The lines you need are those holding the word "written"; pull them from the material.

* RECORD SET:
==*==

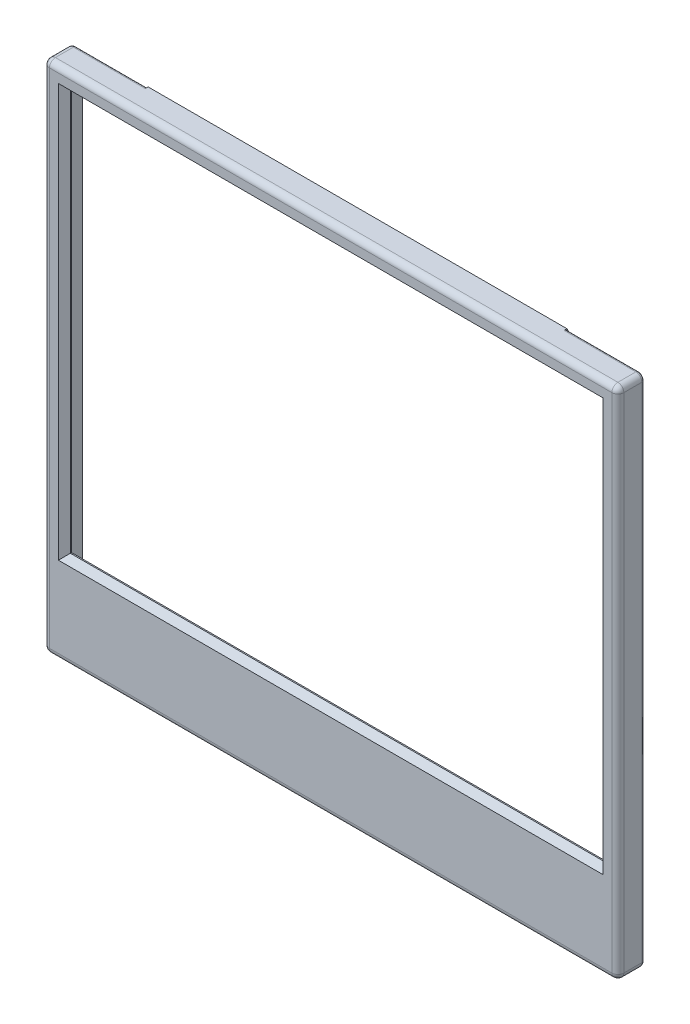
from build123d import *
from OCP.BRepFilletAPI import BRepFilletAPI_MakeChamfer

# Parameters (mm, degrees)
SKETCH1_W           = 96
SKETCH1_H           = 86
SKETCH1_W_2         = 89
SKETCH1_H_2         = 67
BOSS_EXTRUDE1_DEPTH = 4.5
SKETCH2_W           = 92
SKETCH2_H           = 78
CUT_EXTRUDE1_DEPTH  = 3.3
CHAMFER1_SIZE       = 1
SKETCH3_W           = 14.8
SKETCH3_H           = 6
BOSS_EXTRUDE2_DEPTH = 6
SKETCH4_R           = 1.5
CUT_EXTRUDE2_DEPTH  = 111.902705107
FILLET1_R           = 1
SKETCH6_W           = 10
SKETCH6_H           = 4.2
BOSS_EXTRUDE3_DEPTH = 1
CHAMFER2_SIZE       = 1
CHAMFER2_SIZE2      = 1.962610506
CHAMFER3_SIZE       = 0.5
CHAMFER3_SIZE2      = 0.419549816
FILLET2_R           = 0.5
FILLET3_R           = 0.5
SKETCH7_W           = 8
SKETCH7_H           = 1.5
BOSS_EXTRUDE4_DEPTH = 1.25
CHAMFER4_SIZE       = 0.5
CHAMFER4_SIZE2      = 0.419549816
FILLET6_R           = 0.5


# Some blends are built 0.0001 mm under size
with BuildPart() as part:
    # Sketch1 → Boss-Extrude1 (new body)
    with BuildSketch(Plane.XY):
        with Locations((44.5, 27.5)):
            Rectangle(SKETCH1_W, SKETCH1_H)
        with Locations((44.5, 33.5)):
            Rectangle(SKETCH1_W_2, SKETCH1_H_2, mode=Mode.SUBTRACT)
    extrude(amount=BOSS_EXTRUDE1_DEPTH)

    # Sketch2 → Cut-Extrude1 (cut)
    with BuildSketch(Plane(origin=(0, 0, 0), x_dir=(-1, 0, 0), z_dir=(0, 0, -1))):
        with Locations((-44.5, 29.5)):
            Rectangle(SKETCH2_W, SKETCH2_H)
    extrude(amount=-CUT_EXTRUDE1_DEPTH, mode=Mode.SUBTRACT)

    # Chamfer1
    chamfer1_edges = [part.edges().sort_by_distance(p)[0] for p in [
        (0, 33.5, 4.5),
        (44.5, 0, 4.5),
        (89, 33.5, 4.5),
        (44.5, 67, 4.5),
    ]]
    chamfer(chamfer1_edges, length=CHAMFER1_SIZE)

    # Sketch3 → Boss-Extrude2 (add)
    with BuildSketch(Plane(origin=(0, 0, 0), x_dir=(-1, 0, 0), z_dir=(0, 0, -1))):
        with Locations((-14.5, -12.5)):
            Rectangle(SKETCH3_W, SKETCH3_H)
        with Locations((-74.5, -12.5)):
            Rectangle(SKETCH3_W, SKETCH3_H)
        with Locations((-44.5, -12.5)):
            Rectangle(SKETCH3_W, SKETCH3_H)
    extrude(amount=BOSS_EXTRUDE2_DEPTH)

    # Sketch4 → Cut-Extrude2 (cut, through all)
    with BuildSketch(Plane.ZY.offset(-7.1)):
        with BuildLine():
            ThreePointArc((-6, -12.5), (-5.121320344, -10.378679656), (-3, -9.5))
            Line((-3, -9.5), (-6, -9.5))
            Line((-6, -9.5), (-6, -12.5))
        make_face()
        with BuildLine():
            ThreePointArc((-3, -15.5), (-5.121320344, -14.621320344), (-6, -12.5))
            Line((-6, -12.5), (-6, -15.5))
            Line((-6, -15.5), (-3, -15.5))
        make_face()
        with Locations((-3, -12.5)):
            Circle(SKETCH4_R)
    extrude(amount=-CUT_EXTRUDE2_DEPTH, mode=Mode.SUBTRACT)

    # Fillet1
    fillet1_edges = [part.edges().sort_by_distance(p)[0] for p in [
        (92.5, 27.5, 4.5),
        (44.5, 70.5, 4.5),
        (-3.5, 27.5, 4.5),
        (-3.5, 70.5, 2.25),
        (92.5, 70.5, 2.25),
        (92.5, -15.5, 2.25),
        (-3.5, -15.5, 2.25),
        (44.5, -15.5, 4.5),
    ]]
    fillet(fillet1_edges, radius=FILLET1_R)

    # Sketch6 → Boss-Extrude3 (add)
    with BuildSketch(Plane(origin=(0, 0, 0), x_dir=(-1, 0, 0), z_dir=(0, 0, -1))):
        with Locations((-74.5, 68.4)):
            Rectangle(SKETCH6_W, SKETCH6_H)
        with Locations((-14.5, 68.4)):
            Rectangle(SKETCH6_W, SKETCH6_H)
        with Locations((-44.5, 68.4)):
            Rectangle(SKETCH6_W, SKETCH6_H)
    extrude(amount=BOSS_EXTRUDE3_DEPTH)

    # Chamfer2
    chamfer2_edges = [part.edges().sort_by_distance(p)[0] for p in [
        (14.5, 70.5, -1),
        (44.5, 70.5, -1),
        (74.5, 70.5, -1),
    ]]
    chamfer2_side = [part.faces().sort_by_distance(p)[0] for p in [
        (44.5, 70.5, 1.561977716),
    ]]
    chamfer(chamfer2_edges, length=CHAMFER2_SIZE, length2=CHAMFER2_SIZE2, reference=chamfer2_side[0])

    # Chamfer3: one chamfer whose edges measure the first distance from different faces: ONE call of the kernel's chamfer builder (chamfer() names one face for all edges)
    chamfer3_edges_1 = [part.edges().sort_by_distance(p)[0] for p in [
        (74.5, 66.3, 0),
    ]]
    chamfer3_side_1 = [part.faces().sort_by_distance(p)[0] for p in [
        (74.5, 67.4, 0),
    ]]
    chamfer3_edges_2 = [part.edges().sort_by_distance(p)[0] for p in [
        (14.5, 66.3, 0),
    ]]
    chamfer3_side_2 = [part.faces().sort_by_distance(p)[0] for p in [
        (14.5, 67.4, 0),
    ]]
    chamfer3_edges_3 = [part.edges().sort_by_distance(p)[0] for p in [
        (44.5, 66.3, 0),
    ]]
    chamfer3_side_3 = [part.faces().sort_by_distance(p)[0] for p in [
        (44.5, 67.4, 0),
    ]]
    chamfer3 = BRepFilletAPI_MakeChamfer(part.part.solid().wrapped)
    for e in chamfer3_edges_1:
        chamfer3.Add(CHAMFER3_SIZE, CHAMFER3_SIZE2, e.wrapped, chamfer3_side_1[0].wrapped)  # the first distance lies on this face
    for e in chamfer3_edges_2:
        chamfer3.Add(CHAMFER3_SIZE, CHAMFER3_SIZE2, e.wrapped, chamfer3_side_2[0].wrapped)  # the first distance lies on this face
    for e in chamfer3_edges_3:
        chamfer3.Add(CHAMFER3_SIZE, CHAMFER3_SIZE2, e.wrapped, chamfer3_side_3[0].wrapped)  # the first distance lies on this face
    add(Compound.cast(chamfer3.Shape()), mode=Mode.REPLACE)

    # Fillet2
    # the kernel refuses this fillet: 0.5 mm, written as the material it adds along each edge
    with BuildSketch(Plane(origin=(7.1, -9.5, 0), x_dir=(-1, 0, 0), z_dir=(0, -1, 0)), Plane(origin=(81.9, -15.5, 0), x_dir=(1, 0, 0), z_dir=(0, 1, 0)), Plane(origin=(37.1, -15.5, 0), x_dir=(0, 0, -1), z_dir=(0, 1, 0))) as fillet2_piece_1:
        with BuildLine():
            CenterArc((FILLET2_R, FILLET2_R), FILLET2_R, 180, 90)
            Line((0, FILLET2_R), (0, 0))
            Line((0, 0), (FILLET2_R, 0))
        make_face()
    extrude(amount=6)
    with BuildSketch(Plane(origin=(21.9, -15.5, 0), x_dir=(0, 0, -1), z_dir=(0, 1, 0)), Plane(origin=(67.1, -9.5, 0), x_dir=(0, 0, -1), z_dir=(0, -1, 0)), Plane(origin=(51.9, -9.5, 0), x_dir=(1, 0, 0), z_dir=(0, -1, 0))) as fillet2_piece_2:
        with BuildLine():
            CenterArc((FILLET2_R, -FILLET2_R), FILLET2_R, 90, 90)
            Line((0, -FILLET2_R), (0, 0))
            Line((0, 0), (FILLET2_R, 0))
        make_face()
    extrude(amount=6)
    # the kernel refuses this fillet: 0.5 mm, written as the material it takes off along each edge
    with BuildSketch(Plane(origin=(51.9, -15.5, -0.5), x_dir=(-1, 0, 0), z_dir=(0, 0, -1)), Plane(origin=(81.9, -15.5, -0.5), x_dir=(-1, 0, 0), z_dir=(0, 0, -1)), Plane(origin=(21.9, -15.5, -0.5), x_dir=(-1, 0, 0), z_dir=(0, 0, -1)), Plane(origin=(67.1, -9.5, -0.5), x_dir=(1, 0, 0), z_dir=(0, 0, -1)), Plane(origin=(37.1, -9.5, -0.5), x_dir=(1, 0, 0), z_dir=(0, 0, -1)), Plane(origin=(7.1, -9.5, -0.5), x_dir=(1, 0, 0), z_dir=(0, 0, -1))) as fillet2_2_piece_1:
        with BuildLine():
            CenterArc((FILLET2_R, FILLET2_R), FILLET2_R, 180, 90)
            Line((0, FILLET2_R), (0, 0))
            Line((0, 0), (FILLET2_R, 0))
        make_face()
    extrude(amount=2.5, mode=Mode.SUBTRACT)
    with BuildSketch(Plane(origin=(37.1, -15.5, -0.5), x_dir=(1, 0, 0), z_dir=(0, 0, -1)), Plane(origin=(67.1, -15.5, -0.5), x_dir=(1, 0, 0), z_dir=(0, 0, -1)), Plane(origin=(7.1, -15.5, -0.5), x_dir=(1, 0, 0), z_dir=(0, 0, -1)), Plane(origin=(81.9, -9.5, -0.5), x_dir=(-1, 0, 0), z_dir=(0, 0, -1)), Plane(origin=(51.9, -9.5, -0.5), x_dir=(-1, 0, 0), z_dir=(0, 0, -1)), Plane(origin=(21.9, -9.5, -0.5), x_dir=(-1, 0, 0), z_dir=(0, 0, -1))) as fillet2_2_piece_2:
        with BuildLine():
            CenterArc((FILLET2_R, -FILLET2_R), FILLET2_R, 90, 90)
            Line((0, -FILLET2_R), (0, 0))
            Line((0, 0), (FILLET2_R, 0))
        make_face()
    extrude(amount=2.5, mode=Mode.SUBTRACT)
    with BuildSketch(Plane(origin=(7.1, -12.5, -3), x_dir=(0, -1, 0), z_dir=(0, 0, 1))) as fillet2_2_piece_3:
        with BuildLine():
            CenterArc((3 - FILLET2_R, FILLET2_R), FILLET2_R, 270, 90)
            Line((3, FILLET2_R), (3, 0))
            Line((3, 0), (3 - FILLET2_R, 0))
        make_face()
    revolve(axis=Axis((7.1, -12.5, -3), (1, 0, 0)), revolution_arc=180, mode=Mode.SUBTRACT)
    with BuildSketch(Plane(origin=(81.9, -12.5, -3), x_dir=(0, -1, 0), z_dir=(0, 0, 1))) as fillet2_2_piece_4:
        with BuildLine():
            CenterArc((3 - FILLET2_R, -FILLET2_R), FILLET2_R, 0, 90)
            Line((3, -FILLET2_R), (3, 0))
            Line((3, 0), (3 - FILLET2_R, 0))
        make_face()
    revolve(axis=Axis((81.9, -12.5, -3), (1, 0, 0)), revolution_arc=180, mode=Mode.SUBTRACT)
    with BuildSketch(Plane(origin=(21.9, -12.5, -3), x_dir=(0, -1, 0), z_dir=(0, 0, 1))) as fillet2_2_piece_5:
        with BuildLine():
            CenterArc((3 - FILLET2_R, -FILLET2_R), FILLET2_R, 0, 90)
            Line((3 - FILLET2_R, 0), (3, 0))
            Line((3, 0), (3, -FILLET2_R))
        make_face()
    revolve(axis=Axis((21.9, -12.5, -3), (1, 0, 0)), revolution_arc=180, mode=Mode.SUBTRACT)
    with BuildSketch(Plane(origin=(37.1, -12.5, -3), x_dir=(0, -1, 0), z_dir=(0, 0, 1))) as fillet2_2_piece_6:
        with BuildLine():
            CenterArc((3 - FILLET2_R, FILLET2_R), FILLET2_R, 270, 90)
            Line((3 - FILLET2_R, 0), (3, 0))
            Line((3, 0), (3, FILLET2_R))
        make_face()
    revolve(axis=Axis((37.1, -12.5, -3), (1, 0, 0)), revolution_arc=180, mode=Mode.SUBTRACT)
    with BuildSketch(Plane(origin=(67.1, -12.5, -3), x_dir=(0, -1, 0), z_dir=(0, 0, 1))) as fillet2_2_piece_7:
        with BuildLine():
            CenterArc((3 - FILLET2_R, FILLET2_R), FILLET2_R, 270, 90)
            Line((3 - FILLET2_R, 0), (3, 0))
            Line((3, 0), (3, FILLET2_R))
        make_face()
    revolve(axis=Axis((67.1, -12.5, -3), (1, 0, 0)), revolution_arc=180, mode=Mode.SUBTRACT)
    with BuildSketch(Plane(origin=(51.9, -12.5, -3), x_dir=(0, -1, 0), z_dir=(0, 0, 1))) as fillet2_2_piece_8:
        with BuildLine():
            CenterArc((3 - FILLET2_R, -FILLET2_R), FILLET2_R, 0, 90)
            Line((3, -FILLET2_R), (3, 0))
            Line((3, 0), (3 - FILLET2_R, 0))
        make_face()
    revolve(axis=Axis((51.9, -12.5, -3), (1, 0, 0)), revolution_arc=180, mode=Mode.SUBTRACT)
    with BuildSketch(Plane(origin=(92.5, 69.5, 0), x_dir=(-1, 0, 0), z_dir=(0, -1, 0)), Plane(origin=(-3.5, -14.5, 0), x_dir=(1, 0, 0), z_dir=(0, 1, 0))) as fillet2_2_piece_9:
        with BuildLine():
            CenterArc((FILLET2_R, -FILLET2_R), FILLET2_R, 90, 90)
            Line((0, -FILLET2_R), (0, 0))
            Line((0, 0), (FILLET2_R, 0))
        make_face()
    extrude(amount=84, mode=Mode.SUBTRACT)
    with BuildSketch(Plane(origin=(6.6, -15.5, 0), x_dir=(0, 1, 0), z_dir=(-1, 0, 0)), Plane(origin=(91.5, -15.5, 0), x_dir=(0, 1, 0), z_dir=(-1, 0, 0))) as fillet2_2_piece_10:
        with BuildLine():
            CenterArc((FILLET2_R, -FILLET2_R), FILLET2_R, 90, 90)
            Line((0, -FILLET2_R), (0, 0))
            Line((0, 0), (FILLET2_R, 0))
        make_face()
    extrude(amount=9.1, mode=Mode.SUBTRACT)
    with BuildSketch(Plane(origin=(79.5, 70.5, 0), x_dir=(0, 0, 1), z_dir=(1, 0, 0)), Plane(origin=(-2.5, 70.5, 0), x_dir=(0, 0, 1), z_dir=(1, 0, 0))) as fillet2_2_piece_11:
        with BuildLine():
            CenterArc((FILLET2_R, FILLET2_R), FILLET2_R, 180, 90)
            Line((0, FILLET2_R), (0, 0))
            Line((0, 0), (FILLET2_R, 0))
        make_face()
    extrude(amount=12, mode=Mode.SUBTRACT)
    with BuildSketch(Plane(origin=(-2.5, 69.5, 0), x_dir=(-1, 0, 0), z_dir=(0, -1, 0))) as fillet2_2_piece_12:
        with BuildLine():
            CenterArc((1 - FILLET2_R, -FILLET2_R), FILLET2_R, 0, 90)
            Line((1, -FILLET2_R), (1, 0))
            Line((1, 0), (1 - FILLET2_R, 0))
        make_face()
    revolve(axis=Axis((-2.5, 69.5, 0), (0, 0, -1)), revolution_arc=90, mode=Mode.SUBTRACT)
    with BuildSketch(Plane(origin=(-2.5, -14.5, 0), x_dir=(-1, 0, 0), z_dir=(0, 1, 0))) as fillet2_2_piece_13:
        with BuildLine():
            CenterArc((1 - FILLET2_R, FILLET2_R), FILLET2_R, 270, 90)
            Line((1, FILLET2_R), (1, 0))
            Line((1, 0), (1 - FILLET2_R, 0))
        make_face()
    revolve(axis=Axis((-2.5, -14.5, 0), (0, 0, 1)), revolution_arc=90, mode=Mode.SUBTRACT)
    with BuildSketch(Plane(origin=(91.5, -14.5, 0), x_dir=(0, -1, 0), z_dir=(-1, 0, 0))) as fillet2_2_piece_14:
        with BuildLine():
            CenterArc((1 - FILLET2_R, FILLET2_R), FILLET2_R, 270, 90)
            Line((1, FILLET2_R), (1, 0))
            Line((1, 0), (1 - FILLET2_R, 0))
        make_face()
    revolve(axis=Axis((91.5, -14.5, 0), (0, 0, 1)), revolution_arc=90, mode=Mode.SUBTRACT)
    with BuildSketch(Plane(origin=(91.5, 69.5, 0), x_dir=(1, 0, 0), z_dir=(0, -1, 0))) as fillet2_2_piece_15:
        with BuildLine():
            CenterArc((1 - FILLET2_R, FILLET2_R), FILLET2_R, 270, 90)
            Line((1, FILLET2_R), (1, 0))
            Line((1, 0), (1 - FILLET2_R, 0))
        make_face()
    revolve(axis=Axis((91.5, 69.5, 0), (0, 0, 1)), revolution_arc=90, mode=Mode.SUBTRACT)
    with BuildSketch(Plane(origin=(90.5, -9.5, 0), x_dir=(0, -1, 0), z_dir=(-1, 0, 0)), Plane(origin=(6.6, -9.5, 0), x_dir=(0, -1, 0), z_dir=(-1, 0, 0))) as fillet2_2_piece_16:
        with BuildLine():
            CenterArc((FILLET2_R, FILLET2_R), FILLET2_R, 180, 90)
            Line((0, FILLET2_R), (0, 0))
            Line((0, 0), (FILLET2_R, 0))
        make_face()
    extrude(amount=8.1, mode=Mode.SUBTRACT)
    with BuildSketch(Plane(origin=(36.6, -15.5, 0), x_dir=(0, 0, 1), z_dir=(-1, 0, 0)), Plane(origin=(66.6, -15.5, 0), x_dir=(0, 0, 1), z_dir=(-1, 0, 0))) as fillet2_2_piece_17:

==*==

* FINISHED TASK:
    # the kernel refuses this fillet: 0.5 mm, written as the material it adds along each edge
    # the kernel refuses this fillet: 0.5 mm, written as the material it takes off along each edge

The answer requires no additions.